I also have a kid the same age who is very tiny, I think even more so than yours. She was 11 days premature but quite a scrapper. She has been showing a nice spurt over the past couple months and she is from a line that is slow to mature. Most kids from her mom have not been bred til their second year. And this doe was also from a very small sire.
So don't give up yet. I'd give her another six months and see where she is.


----------



## SDK (Jun 26, 2008)

here's bebop.. actually standing normal.. haha progress


she's about 19 inches


----------



## Sweet Gum Minis (Oct 6, 2007)

Certain lines grow at different rates. I have Hallelujah who's out of my CV lines and she was HUGE at 7 months so she was bred. Actually I didn't really plan to do that one but it happened all the same. She is the largest yearling we have and kidded like an old pro. She did fabulous! I wouldn't hesitate with a doe from those lines again if they're like her. 

However, I also have 3 Rue (Little Tot's Estate Meadow-Rue) daughters who are all the same size. All 3 were bred but they're not as big as Hallelujah but not too small either. I think next time I would wait a little longer on them. 

Then I have Gwen who is doing great and will be a year old April 1 but she probably wont' be bred till the fall. I think it just depends on the lines, the methods they were raised and all. Hallelujah was on her dam the whole summer and into the fall. The rest were kept and dam's sold or were bottle babies and they're slower to mature.

Mariposa is still on her dam and is also out of the CV lines. She's 4 months old and is already the size of Gwen who's almost a year. To give you an example of the line differences. I really love my quick maturing lines.


----------



## lesserweevil (Oct 5, 2007)

Stacey, harmony grew really slowly too. She was sick when she was a little baby and it stunted her growth in the first year, so she was an extremely small yearling. But she's plenty big enough now! (at 2 years)

LW


----------



## RowdyKidz (Apr 2, 2009)

She probably just grows slow... :thumb:


----------



## Sweet Gum Minis (Oct 6, 2007)

We all have some juniors who are much smaller than others. Can be due to bottle raising, can be due to lines and it can be an individual goat. I would wait it out and just show her as a junior if you want. 

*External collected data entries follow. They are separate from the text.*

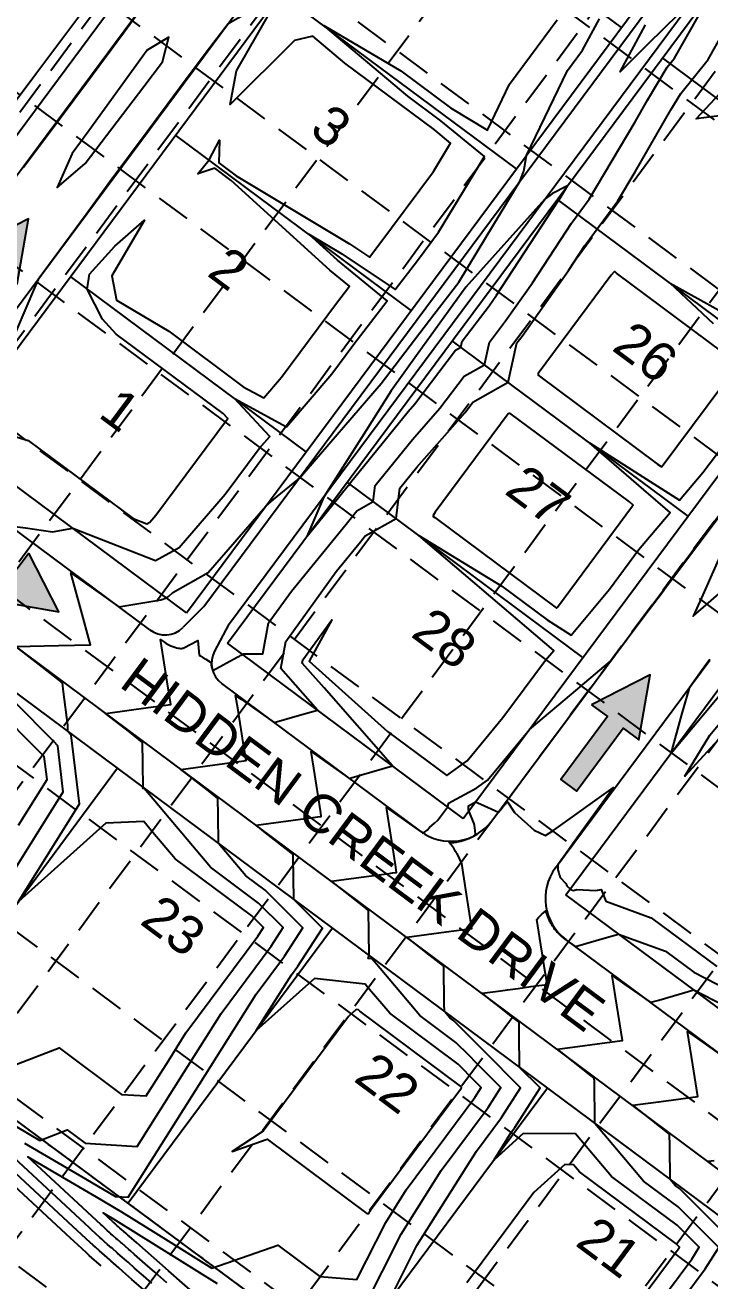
# Model space of a CAD drawing. Header units: feet. Extents: x 2260 to 6199, y 3666 to 7344.
# Drawn here: x 3161.6 to 3429.8, y 5446.8 to 5938.3 of the extents above; entities that cross this region are included whole.
import ezdxf
from ezdxf.enums import TextEntityAlignment as Align

# ---------------------------------------------------------------- set-up
doc = ezdxf.new("R2010")
doc.units = ezdxf.units.FT
doc.header["$LTSCALE"] = 40
doc.header["$MEASUREMENT"] = 0
doc.linetypes.add('HIDDEN', pattern=[0.375, 0.25, -0.125])
doc.linetypes.add('TIGHT', pattern=[0.12, 0.08, -0.04])
doc.layers.get('0').update_dxf_attribs({"linetype": 'CONTINUOUS'})
for name, color, linetype in [('BASE', 7, 'CONTINUOUS'), ('CONTROL', 8, 'CONTINUOUS'), ('EOP-PROP', 4, 'CONTINUOUS'), ('ESMT-LINE', 6, 'TIGHT'), ('FLOW-ARROWS', 253, 'CONTINUOUS'), ('GRID', 254, 'HIDDEN'), ('LOT-NOS', 4, 'CONTINUOUS'), ('lots-line', 4, 'CONTINUOUS'), ('PC', 43, 'CONTINUOUS'), ('ST-ROW', 2, 'CONTINUOUS'), ('STREET-NAME', 3, 'CONTINUOUS')]:
    doc.layers.add(name, color=color, linetype=linetype)
doc.styles.add("L200'", font='ARIAL.TTF', dxfattribs={"height": 0.001969})
doc.styles.get("Standard").update_dxf_attribs({"font": 'ARIAL.TTF'})

# ---------------------------------------------------------------- blocks, each defined once
blk = doc.blocks.new('arrow')
blk.add_lwpolyline([(-67.01, -25.36), (-59.33, -25.42), (-59.57, -56.14), (-51.89, -56.2), (-51.65, -25.48), (-43.97, -25.54), (-55.3, -2.41), (-67.01, -25.36)], close=True)
at = {"color": 254}
for points in [[(-43.97, -25.54), (-67.01, -25.36), (-55.3, -2.41), (-67.01, -25.36)], [(-59.57, -56.14), (-51.89, -56.2), (-59.33, -25.42), (-51.65, -25.48)]]:
    blk.add_solid(points, dxfattribs=at)

msp = doc.modelspace()

# ---------------------------------------------------------------- linework, layer by layer
at = {"layer": 'EOP-PROP', "color": 7}
for p, q in [((3412.94, 6221.94), (3103.66, 5805.84)), ((3437.8, 6203.42), (3128.54, 5787.35)), ((3231.67, 5710.69), (3540.88, 6126.69)), ((3241.3, 5703.54), (3550.5, 6119.53)), ((3344.43, 5626.88), (3653.58, 6042.8)), ((3982.3, 5081.73), (2953.2, 5847.47)), ((3210.42, 5701.57), (3132.66, 5759.37)), ((3231.67, 5710.69), (3223.43, 5702.51)), ((3241.3, 5703.54), (3235.83, 5693.29)), ((3369.31, 5608.39), (3429.79, 5689.76)), ((3316.45, 5622.76), (3238.69, 5680.56)), ((4004.39, 5111.41), (3373.43, 5580.4))]:
    msp.add_line(p, q, dxfattribs=at)
for centre, radius, start, end in [((3216.38, 5709.6), 10, 233.3765, 314.8458), ((3244.65, 5688.58), 10, 151.9073, 233.3765), ((3328.38, 5638.81), 20, 233.3765, 323.3765), ((3385.36, 5596.45), 20, 143.3765, 233.3765)]:
    msp.add_arc(centre, radius, start, end, dxfattribs=at)
at = {"layer": 'ESMT-LINE', "color": 7}
msp.add_line((3894.91, 4964.33), (2864.26, 5727.11), dxfattribs=at)
at = {"layer": 'FLOW-ARROWS', "color": 7}
for points in [[(3310.3, 5916.79, 0, 1.67, 0), (3306.29, 5919.78, 0, 0, 0), (3295.15, 5928.08, 0, 0, 0)], [(3248.67, 5912.9, 0, 1.67, 0), (3245.02, 5909.48, 0, 0, 0), (3239.92, 5904.7, 0, 0, 0)], [(3232.92, 5892.53, 0, 1.67, 0), (3235.14, 5897.01, 0, 0, 0), (3237.61, 5902, 0, 0, 0)], [(3228.48, 5885.39, 0, 1.67, 0), (3224.83, 5881.98, 0, 0, 0), (3219.72, 5877.19, 0, 0, 0)], [(3410.2, 5878.57, 0, 1.67, 0), (3406.55, 5875.15, 0, 0, 0), (3401.44, 5870.37, 0, 0, 0)], [(3212.73, 5865.03, 0, 1.67, 0), (3214.95, 5869.51, 0, 0, 0), (3217.41, 5874.49, 0, 0, 0)], [(3267.75, 5862.07, 0, 1.67, 0), (3263.74, 5865.05, 0, 0, 0), (3252.59, 5873.35, 0, 0, 0)], [(3394.45, 5858.21, 0, 1.67, 0), (3396.67, 5862.69, 0, 0, 0), (3399.14, 5867.67, 0, 0, 0)], [(3428.77, 5829.12, 0, 1.67, 0), (3424.76, 5832.1, 0, 0, 0), (3413.61, 5840.4, 0, 0, 0)], [(3369.16, 5823.45, 0, 1.67, 0), (3365.52, 5820.03, 0, 0, 0), (3360.41, 5815.25, 0, 0, 0)], [(3228.05, 5805.1, 0, 1.67, 0), (3224.04, 5808.08, 0, 0, 0), (3212.89, 5816.38, 0, 0, 0)], [(3353.42, 5803.09, 0, 1.67, 0), (3355.64, 5807.57, 0, 0, 0), (3358.1, 5812.55, 0, 0, 0)], [(3348.8, 5794.92, 0, 1.67, 0), (3345.15, 5791.5, 0, 0, 0), (3340.05, 5786.72, 0, 0, 0)], [(3386.87, 5773.62, 0, 1.67, 0), (3382.86, 5776.6, 0, 0, 0), (3371.71, 5784.9, 0, 0, 0)], [(3333.05, 5774.56, 0, 1.67, 0), (3335.27, 5779.04, 0, 0, 0), (3337.74, 5784.02, 0, 0, 0)], [(3307.37, 5739.67, 0, 1.67, 0), (3303.72, 5736.25, 0, 0, 0), (3298.62, 5731.47, 0, 0, 0)], [(3291.62, 5719.3, 0, 1.67, 0), (3293.84, 5723.78, 0, 0, 0), (3296.31, 5728.77, 0, 0, 0)], [(3346.5, 5717.84, 0, 1.67, 0), (3342.48, 5720.82, 0, 0, 0), (3331.34, 5729.12, 0, 0, 0)], [(3174.74, 5614.24, 0, 1.67, 0), (3171.76, 5610.23, 0, 0, 0), (3163.46, 5599.08, 0, 0, 0)], [(3258.93, 5551.67, 0, 1.67, 0), (3255.95, 5547.65, 0, 0, 0), (3247.65, 5536.51, 0, 0, 0)], [(3221.32, 5501.13, 0, 1.67, 0), (3218.33, 5497.12, 0, 0, 0), (3210.32, 5486.36, 0, 0, 0)], [(3343.12, 5489.09, 0, 1.67, 0), (3340.14, 5485.08, 0, 0, 0), (3331.84, 5473.93, 0, 0, 0)]]:
    msp.add_lwpolyline(points, format="xyseb", dxfattribs=at)
at = {"layer": 'GRID', "linetype": 'HIDDEN', "ltscale": 1.35}
for p, q in [((3939.44, 6956.12), (2849.96, 5486.42)), ((3981.42, 6925.01), (2891.93, 5455.31)), ((4023.39, 6893.89), (2933.91, 5424.19)), ((4065.21, 6862.27), (2976.02, 5392.97)), ((4107.19, 6831.16), (3018, 5361.86)), ((4149.16, 6800.04), (3059.97, 5330.74)), ((4191.13, 6768.93), (3101.95, 5299.63)), ((4233.11, 6737.81), (3143.92, 5268.51)), ((4275.08, 6706.7), (3185.9, 5237.39)), ((4317.06, 6675.58), (3227.87, 5206.28)), ((2834.99, 6343.33), (5437.43, 4414.16)), ((2803.88, 6301.36), (5406.31, 4372.19)), ((2772.76, 6259.38), (5375.2, 4330.21)), ((2742.34, 6220.32), (5344.78, 4291.15)), ((2710.53, 6175.43), (5312.96, 4246.26)), ((2679.42, 6133.46), (5281.85, 4204.29)), ((2648.3, 6091.49), (5250.73, 4162.31)), ((2617.18, 6049.51), (5219.62, 4120.34)), ((2586.07, 6007.54), (5188.5, 4078.36)), ((2555.76, 5964.68), (5158.19, 4035.51)), ((2524.64, 5922.7), (5127.07, 3993.53))]:
    msp.add_line(p, q, dxfattribs=at)
at = {"layer": 'lots-line', "color": 7}
for p, q in [((3224.88, 5708.27), (3537.67, 6129.08)), ((3240.93, 5696.33), (3553.71, 6117.14)), ((3395.19, 5937.4), (3302.9, 6006)), ((3354.03, 5882.02), (3261.74, 5950.63)), ((3503.54, 5856.87), (3411.24, 5925.47)), ((3312.87, 5826.64), (3220.57, 5895.25)), ((3462.38, 5801.49), (3370.08, 5870.09)), ((3271.71, 5771.27), (3179.41, 5839.87)), ((3421.22, 5746.11), (3328.92, 5814.71)), ((3380.05, 5690.73), (3287.76, 5759.34)), ((3894.91, 4964.33), (2864.26, 5727.11)), ((3197.78, 5647.42), (3117.63, 5539.59)), ((3281.97, 5584.84), (3201.95, 5477.19)), ((3366.16, 5522.26), (3286.27, 5414.78))]:
    msp.add_line(p, q, dxfattribs=at)
at = {"layer": 'PC', "color": 43, "flags": 128}
for points, elevation in [([(3153.47, 5902.62), (3165.78, 5919.19), (3183.42, 5942.73), (3177.23, 5954.28), (3161.18, 5966.21)], 574), ([(3160.85, 5882.53), (3170.36, 5895.19), (3185.63, 5915.71), (3200.2, 5935.31), (3216.23, 5957.29)], 573), ([(3145.08, 5514.89), (3167.44, 5501.76), (3178.08, 5505.86), (3185.11, 5500.63), (3205.5, 5499.33), (3223.84, 5528.37), (3238.37, 5551.39), (3257.97, 5577.76), (3262.63, 5585.03), (3253.01, 5594.67), (3234.17, 5608.67), (3215.95, 5630.32), (3208.26, 5639.45), (3207.73, 5639.43), (3207.86, 5639.92), (3207.73, 5649.24), (3207.62, 5657.55), (3202.58, 5661.51), (3193.17, 5668.91), (3209.77, 5671.18), (3218.65, 5672.4), (3217.26, 5681.25), (3214.66, 5697.8), (3215.83, 5696.98), (3216.89, 5696.31), (3217.85, 5695.78), (3218.71, 5695.35), (3219.5, 5695.02), (3220.21, 5694.76), (3220.85, 5694.57), (3221.44, 5694.45), (3221.96, 5694.37), (3222.43, 5694.34), (3222.85, 5694.35), (3223.23, 5694.38), (3223.55, 5694.45), (3223.83, 5694.53), (3229.23, 5697.36), (3229.82, 5691.69), (3230.38, 5691.32), (3231.18, 5690.8), (3232.37, 5690.06), (3234.25, 5688.94), (3234.45, 5688.83), (3234.5, 5688.11), (3234.55, 5687.72), (3234.63, 5687.27), (3234.79, 5686.59), (3234.84, 5686.41), (3235.1, 5685.65), (3243.22, 5690.08), (3244.89, 5690.99), (3245.55, 5691.34), (3245.92, 5691.53), (3246.15, 5691.65), (3246.32, 5691.73), (3246.44, 5691.78), (3246.84, 5691.94), (3247.04, 5691.99), (3247.2, 5692.19), (3254.76, 5692.16), (3256.94, 5704.36), (3265.89, 5716.72), (3287.3, 5743.02), (3291.52, 5748.21), (3297.91, 5751.79), (3298.72, 5758.13), (3313.3, 5776.16), (3324.09, 5788.4), (3333.58, 5800.9), (3341.5, 5805.37), (3343.49, 5814.23), (3349.78, 5822.52), (3360.37, 5837.42), (3375.63, 5860.75), (3375.97, 5861.28), (3382.54, 5870.17), (3400.5, 5900.46), (3405.42, 5908.98), (3413.09, 5921.86), (3415.89, 5925.31), (3430.45, 5950.89)], 570), ([(3274.26, 5933.95), (3267.09, 5932.22), (3241.95, 5907.21), (3244.4, 5920.36), (3261.68, 5950.56), (3261.62, 5950.52), (3241.11, 5938.8), (3232.56, 5927.51), (3224.68, 5917.12), (3209.41, 5896.56), (3194.86, 5876.98), (3185.48, 5864.23), (3166.72, 5838.72), (3165.92, 5836.87), (3165.7, 5836.36), (3150.48, 5800.95)], 573), ([(3423.45, 5948.6), (3405.55, 5930.78), (3394.71, 5919.98), (3404.52, 5938.35)], 570), ([(3137.92, 5523.7), (3174.92, 5537.95), (3199.37, 5519.78), (3209.03, 5519.16), (3217.72, 5532.92), (3224.6, 5543.82), (3252.73, 5581.66), (3254.93, 5585.1), (3250.38, 5589.67), (3220.33, 5612), (3211.7, 5622.25), (3208.06, 5626.58), (3193.19, 5625.91), (3159, 5595.25), (3182.97, 5633.5), (3179.7, 5660.41), (3178.38, 5661.84), (3178.35, 5663.69), (3178.35, 5664.3), (3176.68, 5677.36), (3176.23, 5680.88), (3168.39, 5686.97), (3158.01, 5695.05), (3174.68, 5695.43), (3187.27, 5695.72), (3183.18, 5710.55), (3179.49, 5723.94), (3188.41, 5717.6), (3198.31, 5710.57), (3214.83, 5713.38), (3216.98, 5714.14), (3216.99, 5714.13), (3217.79, 5714.67), (3219.53, 5716.26), (3233.34, 5724.01), (3255.9, 5750), (3258.96, 5752.56), (3268.13, 5760.22), (3268.5, 5760.53), (3269.05, 5760.99), (3301, 5798.08), (3321.74, 5825.04), (3331.5, 5837.72), (3342.07, 5855.14), (3355.54, 5877.34), (3356.77, 5880.88), (3356.87, 5881.16), (3357.97, 5887.32), (3374, 5920.49), (3379.9, 5928.43), (3386.5, 5940.81)], 571), ([(3155.55, 5742.35), (3161.8, 5741.46), (3172.31, 5739.99), (3180.36, 5741.36), (3212.66, 5728.69), (3221.89, 5733.86), (3240.03, 5754.76), (3253.31, 5772.63), (3257.45, 5777.31), (3243.62, 5792.15), (3263.98, 5781.09), (3281.74, 5801.76), (3290.38, 5813.38), (3303.46, 5830.34), (3283.91, 5846.35), (3272.74, 5856.47), (3285.67, 5848.73), (3306.48, 5834.77), (3315.26, 5846.15), (3323.54, 5857.29), (3341.58, 5886.91), (3324.41, 5900.85), (3311.44, 5910.49), (3278.59, 5938.1), (3308.77, 5920.45), (3328.23, 5905.98), (3342.66, 5897.23), (3351.33, 5915.16), (3370.03, 5940.32)], 572), ([(3155.13, 5778.08), (3162.79, 5775.7), (3203.92, 5745.13), (3209.23, 5743.04), (3210.44, 5743.72), (3212.8, 5746.44), (3240.47, 5783.67), (3241.01, 5784.28), (3239.21, 5786.21), (3197.33, 5817.34), (3191.91, 5823.16), (3185.98, 5834.99), (3186.82, 5840.87), (3196.73, 5851.76), (3208.41, 5861.92), (3195.59, 5840.2), (3197.45, 5830.61), (3217.87, 5818.46), (3247.05, 5796.77), (3255.07, 5792.41), (3262.07, 5800.55), (3283.55, 5829.45), (3288.7, 5836.13), (3281, 5842.44), (3242.29, 5877.53), (3235.87, 5882.3), (3229.28, 5880.14), (3233.68, 5885.51), (3237.78, 5893.25), (3237.43, 5884.41), (3244.31, 5879.29), (3288.66, 5852.74), (3296.46, 5847.51), (3299.75, 5851.78), (3321.5, 5881.03), (3328.26, 5892.14), (3321.83, 5897.37), (3286.87, 5923.35), (3274.26, 5933.95)], 573), ([(3161.44, 5500.67), (3183.11, 5487.95), (3196.96, 5479.82), (3201.97, 5479.5), (3229.96, 5523.82), (3252.14, 5558.95), (3263.22, 5573.86), (3270.32, 5584.95), (3255.64, 5599.67), (3248.01, 5605.34), (3237.35, 5618.01), (3237.19, 5629.24), (3237.1, 5635.63), (3234.09, 5638), (3225.89, 5644.45), (3224.66, 5645.42), (3222.66, 5646.99), (3228.36, 5647.77), (3248.14, 5650.48), (3247.3, 5655.78), (3245.03, 5670.19), (3244.69, 5672.36), (3244.08, 5675.93), (3246.21, 5674.43), (3247.5, 5673.52), (3259.17, 5665.33), (3269.14, 5668.2), (3276.08, 5670.21), (3261.78, 5686.48), (3263.67, 5697.09), (3283.45, 5724.39), (3292.96, 5736.08), (3294.84, 5738.38), (3306.88, 5745.12), (3308.4, 5757.06), (3315.02, 5765.25), (3333.93, 5786.71), (3337.01, 5790.77), (3350.73, 5798.5), (3354.18, 5813.87), (3356.22, 5816.56), (3374.46, 5842.22), (3380.83, 5851.97), (3380.98, 5852.2), (3393.75, 5869.49), (3400.49, 5880.85), (3414.53, 5905.18), (3418.35, 5911.59), (3429.1, 5924.87), (3436.19, 5937.33)], 569), ([(3208.13, 5914.32), (3215.47, 5923.96), (3216.87, 5929.51), (3217.88, 5933.53), (3209.41, 5928.47), (3186.55, 5896.94), (3180.05, 5887.99), (3174.16, 5874.72), (3180.45, 5880.13), (3185.17, 5884.18), (3208.13, 5914.32)], 573), ([(3438.53, 5903.5), (3424.41, 5901.58), (3441.07, 5919.49)], 568), ([(3334.15, 5835.74), (3315.6, 5809.89), (3304.99, 5795.12), (3295.13, 5779.64), (3278.68, 5753.83), (3278.4, 5753.17), (3278.21, 5752.73), (3271.95, 5738.07), (3281.63, 5749.97), (3288.2, 5758.03), (3288.95, 5758.45), (3289.04, 5759.2), (3311.59, 5787.06), (3314.25, 5790.08), (3330.16, 5811.04), (3332.26, 5812.23), (3332.79, 5814.58), (3343.33, 5828.47), (3346.28, 5832.62), (3370.42, 5869.52), (3370.97, 5870.37), (3371.33, 5870.85), (3374.02, 5875.38), (3373.25, 5874.99), (3368.44, 5872.56), (3368.2, 5872.39), (3365.17, 5870.19), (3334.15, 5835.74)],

I have Gwen who just turned a year old April 1st, yes an April Fool's kid from last year. Anyway, I also have Mariposa, both are black and both are the same size. Mariposa is 5 months old. This shows the difference in lines effect on growth too. My Caesar's Villa offspring grow exceptionally fast and turn out stunning. I am beyond thrilled with those results. I do tend to be disappointed when we reach a year birthday for a goat and they're small. I don't like having to wait till they're 18 months or even 2 years to breed them. That ends up putting me off and I tend to sell them. I want my herd to be productive which means being able to produce at a good age. So lines too small or too slow I don't mess with. 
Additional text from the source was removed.